[Supplied entries Boundary: Start]

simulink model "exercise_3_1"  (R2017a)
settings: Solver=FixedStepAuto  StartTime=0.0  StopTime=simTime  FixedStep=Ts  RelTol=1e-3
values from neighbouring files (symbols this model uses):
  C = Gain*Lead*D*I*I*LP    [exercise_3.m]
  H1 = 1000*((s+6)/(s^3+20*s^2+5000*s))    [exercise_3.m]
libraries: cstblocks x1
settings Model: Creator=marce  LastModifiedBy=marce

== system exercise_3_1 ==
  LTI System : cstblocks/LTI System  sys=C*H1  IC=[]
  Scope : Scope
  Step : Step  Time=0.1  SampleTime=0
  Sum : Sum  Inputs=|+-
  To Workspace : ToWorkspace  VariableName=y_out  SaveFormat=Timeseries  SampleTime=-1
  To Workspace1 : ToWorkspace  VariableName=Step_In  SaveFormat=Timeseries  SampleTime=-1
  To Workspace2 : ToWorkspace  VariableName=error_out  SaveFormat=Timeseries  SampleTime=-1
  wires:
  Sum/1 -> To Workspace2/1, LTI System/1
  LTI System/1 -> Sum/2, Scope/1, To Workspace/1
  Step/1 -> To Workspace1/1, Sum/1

[Supplied entries Boundary: End]

#### [About this task]
A complete answer gives every line of the records holding "Scope".

#### [Response]
  Scope : Scope
  LTI System/1 -> Sum/2, Scope/1, To Workspace/1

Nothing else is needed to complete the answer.